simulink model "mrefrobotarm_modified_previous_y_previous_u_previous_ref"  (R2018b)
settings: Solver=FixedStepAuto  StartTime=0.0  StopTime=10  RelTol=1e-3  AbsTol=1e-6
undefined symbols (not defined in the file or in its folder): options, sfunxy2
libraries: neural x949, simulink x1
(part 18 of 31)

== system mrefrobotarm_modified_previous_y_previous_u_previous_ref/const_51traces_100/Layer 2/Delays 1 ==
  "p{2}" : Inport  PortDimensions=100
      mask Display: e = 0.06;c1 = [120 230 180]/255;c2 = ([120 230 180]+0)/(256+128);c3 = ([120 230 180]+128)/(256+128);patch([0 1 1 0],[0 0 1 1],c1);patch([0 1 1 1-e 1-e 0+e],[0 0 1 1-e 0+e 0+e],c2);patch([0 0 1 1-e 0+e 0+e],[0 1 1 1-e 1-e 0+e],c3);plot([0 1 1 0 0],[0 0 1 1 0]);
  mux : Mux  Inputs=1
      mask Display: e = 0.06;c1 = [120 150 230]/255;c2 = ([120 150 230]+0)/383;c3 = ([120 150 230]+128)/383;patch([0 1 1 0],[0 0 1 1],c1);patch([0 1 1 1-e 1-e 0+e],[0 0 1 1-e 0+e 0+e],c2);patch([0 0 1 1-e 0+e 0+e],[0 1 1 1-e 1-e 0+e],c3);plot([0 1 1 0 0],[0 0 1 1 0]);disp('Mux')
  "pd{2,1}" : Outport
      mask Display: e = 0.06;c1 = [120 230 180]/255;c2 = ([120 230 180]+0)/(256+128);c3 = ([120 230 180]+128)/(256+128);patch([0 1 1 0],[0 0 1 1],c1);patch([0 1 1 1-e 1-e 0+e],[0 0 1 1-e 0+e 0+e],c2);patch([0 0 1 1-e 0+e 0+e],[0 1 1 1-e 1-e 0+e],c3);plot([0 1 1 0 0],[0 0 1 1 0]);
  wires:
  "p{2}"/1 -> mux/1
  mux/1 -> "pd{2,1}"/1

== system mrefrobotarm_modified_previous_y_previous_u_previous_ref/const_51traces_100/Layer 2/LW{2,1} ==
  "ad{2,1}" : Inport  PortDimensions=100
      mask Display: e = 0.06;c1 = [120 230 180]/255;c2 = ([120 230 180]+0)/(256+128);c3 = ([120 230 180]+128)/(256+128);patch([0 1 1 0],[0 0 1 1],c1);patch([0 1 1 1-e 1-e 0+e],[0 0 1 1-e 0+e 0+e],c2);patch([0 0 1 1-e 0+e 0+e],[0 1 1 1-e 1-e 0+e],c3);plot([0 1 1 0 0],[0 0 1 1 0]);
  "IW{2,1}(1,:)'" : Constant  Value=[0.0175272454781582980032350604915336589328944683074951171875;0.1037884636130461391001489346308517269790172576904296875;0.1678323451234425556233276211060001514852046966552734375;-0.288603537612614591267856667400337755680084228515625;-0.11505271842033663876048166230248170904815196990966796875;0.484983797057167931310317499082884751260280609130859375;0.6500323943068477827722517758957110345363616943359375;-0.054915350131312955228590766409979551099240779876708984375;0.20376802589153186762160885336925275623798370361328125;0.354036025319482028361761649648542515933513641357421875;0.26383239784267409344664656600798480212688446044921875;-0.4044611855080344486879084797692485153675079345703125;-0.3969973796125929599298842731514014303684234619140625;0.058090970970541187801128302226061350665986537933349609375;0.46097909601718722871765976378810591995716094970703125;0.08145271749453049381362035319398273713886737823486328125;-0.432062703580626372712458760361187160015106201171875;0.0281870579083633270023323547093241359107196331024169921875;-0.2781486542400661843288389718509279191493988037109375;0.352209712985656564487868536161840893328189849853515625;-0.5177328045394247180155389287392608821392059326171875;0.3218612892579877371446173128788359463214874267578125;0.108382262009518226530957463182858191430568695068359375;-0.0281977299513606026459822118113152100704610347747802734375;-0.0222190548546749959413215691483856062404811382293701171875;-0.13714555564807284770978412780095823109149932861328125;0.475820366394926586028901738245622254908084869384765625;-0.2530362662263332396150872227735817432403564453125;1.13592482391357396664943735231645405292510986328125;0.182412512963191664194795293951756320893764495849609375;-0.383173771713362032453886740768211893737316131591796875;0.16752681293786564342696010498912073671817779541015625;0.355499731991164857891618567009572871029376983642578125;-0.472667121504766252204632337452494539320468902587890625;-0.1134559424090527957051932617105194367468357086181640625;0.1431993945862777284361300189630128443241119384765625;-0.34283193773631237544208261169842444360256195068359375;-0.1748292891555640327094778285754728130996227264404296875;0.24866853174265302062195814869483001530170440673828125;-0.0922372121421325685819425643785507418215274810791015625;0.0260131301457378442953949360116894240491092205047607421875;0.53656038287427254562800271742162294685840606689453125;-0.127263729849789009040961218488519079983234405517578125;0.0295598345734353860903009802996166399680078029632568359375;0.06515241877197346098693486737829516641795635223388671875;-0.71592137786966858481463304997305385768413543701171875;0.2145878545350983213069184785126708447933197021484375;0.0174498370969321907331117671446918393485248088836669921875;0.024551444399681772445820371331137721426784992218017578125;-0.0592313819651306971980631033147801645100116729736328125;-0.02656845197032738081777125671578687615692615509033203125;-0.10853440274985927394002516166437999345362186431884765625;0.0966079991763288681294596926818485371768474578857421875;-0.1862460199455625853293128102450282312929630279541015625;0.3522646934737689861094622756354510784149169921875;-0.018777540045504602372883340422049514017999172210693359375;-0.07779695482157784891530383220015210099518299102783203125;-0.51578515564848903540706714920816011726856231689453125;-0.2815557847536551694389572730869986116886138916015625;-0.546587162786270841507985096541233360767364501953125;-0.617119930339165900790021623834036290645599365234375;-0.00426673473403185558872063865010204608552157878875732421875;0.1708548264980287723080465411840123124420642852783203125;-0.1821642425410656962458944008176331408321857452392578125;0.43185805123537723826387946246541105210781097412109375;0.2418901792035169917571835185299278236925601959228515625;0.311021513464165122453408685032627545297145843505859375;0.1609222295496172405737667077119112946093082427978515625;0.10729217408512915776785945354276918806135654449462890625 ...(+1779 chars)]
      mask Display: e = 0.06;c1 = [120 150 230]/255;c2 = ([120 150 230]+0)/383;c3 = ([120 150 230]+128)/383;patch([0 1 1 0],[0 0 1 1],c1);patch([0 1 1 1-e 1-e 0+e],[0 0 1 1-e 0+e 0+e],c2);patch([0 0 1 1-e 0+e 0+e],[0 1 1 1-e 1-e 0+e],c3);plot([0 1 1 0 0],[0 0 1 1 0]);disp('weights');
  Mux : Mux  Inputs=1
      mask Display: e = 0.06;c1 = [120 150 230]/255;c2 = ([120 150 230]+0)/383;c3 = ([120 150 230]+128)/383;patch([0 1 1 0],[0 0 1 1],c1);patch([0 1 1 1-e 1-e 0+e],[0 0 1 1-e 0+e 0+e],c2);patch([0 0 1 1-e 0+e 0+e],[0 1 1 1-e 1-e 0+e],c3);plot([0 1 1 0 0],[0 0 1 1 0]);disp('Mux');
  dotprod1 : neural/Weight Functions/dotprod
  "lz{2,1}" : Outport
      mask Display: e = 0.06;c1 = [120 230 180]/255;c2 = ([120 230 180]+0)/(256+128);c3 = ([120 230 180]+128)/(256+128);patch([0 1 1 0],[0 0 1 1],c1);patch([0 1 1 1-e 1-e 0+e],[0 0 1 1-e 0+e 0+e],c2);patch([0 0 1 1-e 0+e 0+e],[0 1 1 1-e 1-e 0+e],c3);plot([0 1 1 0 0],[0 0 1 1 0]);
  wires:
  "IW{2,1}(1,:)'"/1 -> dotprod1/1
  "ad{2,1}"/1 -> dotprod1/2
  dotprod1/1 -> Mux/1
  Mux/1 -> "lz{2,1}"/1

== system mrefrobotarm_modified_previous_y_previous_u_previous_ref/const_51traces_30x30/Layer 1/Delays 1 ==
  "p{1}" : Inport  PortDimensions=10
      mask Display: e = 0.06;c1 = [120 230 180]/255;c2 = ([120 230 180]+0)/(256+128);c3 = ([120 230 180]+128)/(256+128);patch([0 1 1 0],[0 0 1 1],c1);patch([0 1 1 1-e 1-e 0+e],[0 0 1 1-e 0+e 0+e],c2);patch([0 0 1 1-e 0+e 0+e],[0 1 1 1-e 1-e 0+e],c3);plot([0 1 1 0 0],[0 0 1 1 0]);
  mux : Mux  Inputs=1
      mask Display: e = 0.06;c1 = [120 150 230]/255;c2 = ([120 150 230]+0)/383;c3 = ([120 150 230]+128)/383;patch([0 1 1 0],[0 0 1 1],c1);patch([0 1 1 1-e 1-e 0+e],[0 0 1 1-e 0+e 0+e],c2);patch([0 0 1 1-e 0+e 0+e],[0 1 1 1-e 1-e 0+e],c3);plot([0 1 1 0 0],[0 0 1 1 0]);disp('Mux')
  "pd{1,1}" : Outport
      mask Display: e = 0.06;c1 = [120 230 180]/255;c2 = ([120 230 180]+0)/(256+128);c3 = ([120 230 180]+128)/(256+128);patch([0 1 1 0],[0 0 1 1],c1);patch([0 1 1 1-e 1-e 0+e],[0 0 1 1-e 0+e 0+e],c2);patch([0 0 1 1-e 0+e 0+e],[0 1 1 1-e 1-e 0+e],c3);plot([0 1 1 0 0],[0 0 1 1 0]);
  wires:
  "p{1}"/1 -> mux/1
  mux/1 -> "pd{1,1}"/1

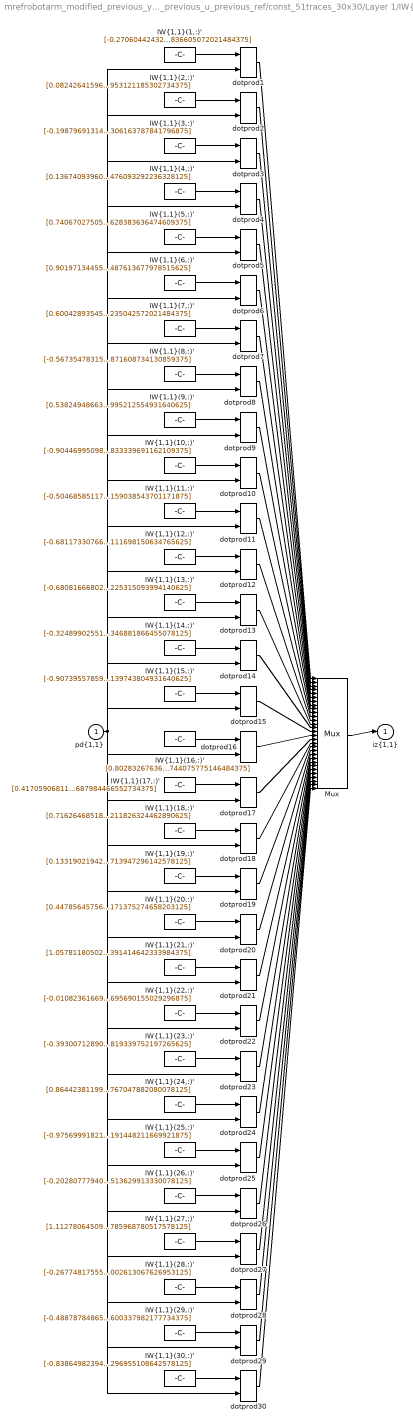
== system mrefrobotarm_modified_previous_y_previous_u_previous_ref/const_51traces_30x30/Layer 1/IW{1,1} ==
  "pd{1,1}" : Inport  PortDimensions=10
      mask Display: e = 0.06;c1 = [120 230 180]/255;c2 = ([120 230 180]+0)/(256+128);c3 = ([120 230 180]+128)/(256+128);patch([0 1 1 0],[0 0 1 1],c1);patch([0 1 1 1-e 1-e 0+e],[0 0 1 1-e 0+e 0+e],c2);patch([0 0 1 1-e 0+e 0+e],[0 1 1 1-e 1-e 0+e],c3);plot([0 1 1 0 0],[0 0 1 1 0]);
  "IW{1,1}(1,:)'" : Constant  Value=[-0.270604424325050108013357430536416359245777130126953125;0.70004440133500034360025665591820143163204193115234375;-0.70617231900424692891959921325906179845333099365234375;0.74614133159121009963854476154665462672710418701171875;-0.305217301709377719642901638508192263543605804443359375;0.319535451212445475999146538015338592231273651123046875;0.621085602068974562683933982043527066707611083984375;0.63854127804799520884415642285603098571300506591796875;-0.5262324480762945455580847919918596744537353515625;0.58139367724695334427309489910840056836605072021484375]
      mask Display: e = 0.06;c1 = [120 150 230]/255;c2 = ([120 150 230]+0)/383;c3 = ([120 150 230]+128)/383;patch([0 1 1 0],[0 0 1 1],c1);patch([0 1 1 1-e 1-e 0+e],[0 0 1 1-e 0+e 0+e],c2);patch([0 0 1 1-e 0+e 0+e],[0 1 1 1-e 1-e 0+e],c3);plot([0 1 1 0 0],[0 0 1 1 0]);disp('Weights');
  "IW{1,1}(10,:)'" : Constant  Value=[-0.904469950985906212537202009116299450397491455078125;0.0053775612000614599061965037662957911379635334014892578125;0.36226460789501124803990705913747660815715789794921875;0.61558596620200811688761177720152772963047027587890625;-0.771838905191784885317929365555755794048309326171875;0.41100345723550313348226836751564405858516693115234375;0.99775813612685648745781463730963878333568572998046875;-0.7258966477236088454816353987553156912326812744140625;0.339809360766077428461784393221023492515087127685546875;-0.374697354634937251915971501148305833339691162109375]
      mask Display: e = 0.06;c1 = [120 150 230]/255;c2 = ([120 150 230]+0)/383;c3 = ([120 150 230]+128)/383;patch([0 1 1 0],[0 0 1 1],c1);patch([0 1 1 1-e 1-e 0+e],[0 0 1 1-e 0+e 0+e],c2);patch([0 0 1 1-e 0+e 0+e],[0 1 1 1-e 1-e 0+e],c3);plot([0 1 1 0 0],[0 0 1 1 0]);disp('Weights');
  "IW{1,1}(11,:)'" : Constant  Value=[-0.50468585117887254654078788007609546184539794921875;-0.68954953293469911645985348513931967318058013916015625;-0.66542598505421379773139278768212534487247467041015625;0.2389505818090202904357965962844900786876678466796875;-0.9069520006432707504018253530375659465789794921875;-0.00929102406457815895024499042165189166553318500518798828125;-0.080408409383206258524978693458251655101776123046875;-0.0307560022462756814387585535541802528314292430877685546875;-0.5095518302180745973117836911114864051342010498046875;-0.1912185596962409916965697220803122036159038543701171875]
      mask Display: e = 0.06;c1 = [120 150 230]/255;c2 = ([120 150 230]+0)/383;c3 = ([120 150 230]+128)/383;patch([0 1 1 0],[0 0 1 1],c1);patch([0 1 1 1-e 1-e 0+e],[0 0 1 1-e 0+e 0+e],c2);patch([0 0 1 1-e 0+e 0+e],[0 1 1 1-e 1-e 0+e],c3);plot([0 1 1 0 0],[0 0 1 1 0]);disp('Weights');
  "IW{1,1}(12,:)'" : Constant  Value=[-0.6811733076649948426251057753688655793666839599609375;0.767168777444947824761811716598458588123321533203125;-0.83256168597038582301905762506066821515560150146484375;0.349181571891764408466229951955028809607028961181640625;-0.3909137437032808026771135700982995331287384033203125;0.793416678289866172946176448022015392780303955078125;-0.26568946573439500280500169537845067679882049560546875;0.31350215743328291306823984996299259364604949951171875;0.54821743072928519335818009494687430560588836669921875;0.32038657144986493197080790196196176111698150634765625]
      mask Display: e = 0.06;c1 = [120 150 230]/255;c2 = ([120 150 230]+0)/383;c3 = ([120 150 230]+128)/383;patch([0 1 1 0],[0 0 1 1],c1);patch([0 1 1 1-e 1-e 0+e],[0 0 1 1-e 0+e 0+e],c2);patch([0 0 1 1-e 0+e 0+e],[0 1 1 1-e 1-e 0+e],c3);plot([0 1 1 0 0],[0 0 1 1 0]);disp('Weights');
  "IW{1,1}(13,:)'" : Constant  Value=[-0.68081666802457185827535113276098854839801788330078125;-0.401968341120073180405825041816569864749908447265625;-0.742671527584819468614796278416179120540618896484375;0.55481882178189090293329854830517433583736419677734375;-0.10552588707788358723949073691983358003199100494384765625;0.637373365340767605857763555832207202911376953125;-0.8353233744383405934286201954819262027740478515625;-0.29899770642931267072839318643673323094844818115234375;0.564632412351024459695736368303187191486358642578125;0.7292360747751518434967010762193240225315093994140625]
      mask Display: e = 0.06;c1 = [120 150 230]/255;c2 = ([120 150 230]+0)/383;c3 = ([120 150 230]+128)/383;patch([0 1 1 0],[0 0 1 1],c1);patch([0 1 1 1-e 1-e 0+e],[0 0 1 1-e 0+e 0+e],c2);patch([0 0 1 1-e 0+e 0+e],[0 1 1 1-e 1-e 0+e],c3);plot([0 1 1 0 0],[0 0 1 1 0]);disp('Weights');
  "IW{1,1}(14,:)'" : Constant  Value=[-0.3248990255155626005745261863921768963336944580078125;0.76936888369251799080217324444674886763095855712890625;0.25362880157654610346895651673548854887485504150390625;-0.385148254088853281285054208638030104339122772216796875;0.903008203587827740221882777404971420764923095703125;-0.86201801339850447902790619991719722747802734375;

____________________

▶ WHAT THE TASK REQUIRES: Your response should be the lines above from the first to the one containing "undefined symbols (not", inclusive, each given exactly.

▶ EXERCISE ANSWER:
simulink model "mrefrobotarm_modified_previous_y_previous_u_previous_ref"  (R2018b)
settings: Solver=FixedStepAuto  StartTime=0.0  StopTime=10  RelTol=1e-3  AbsTol=1e-6
undefined symbols (not defined in the file or in its folder): options, sfunxy2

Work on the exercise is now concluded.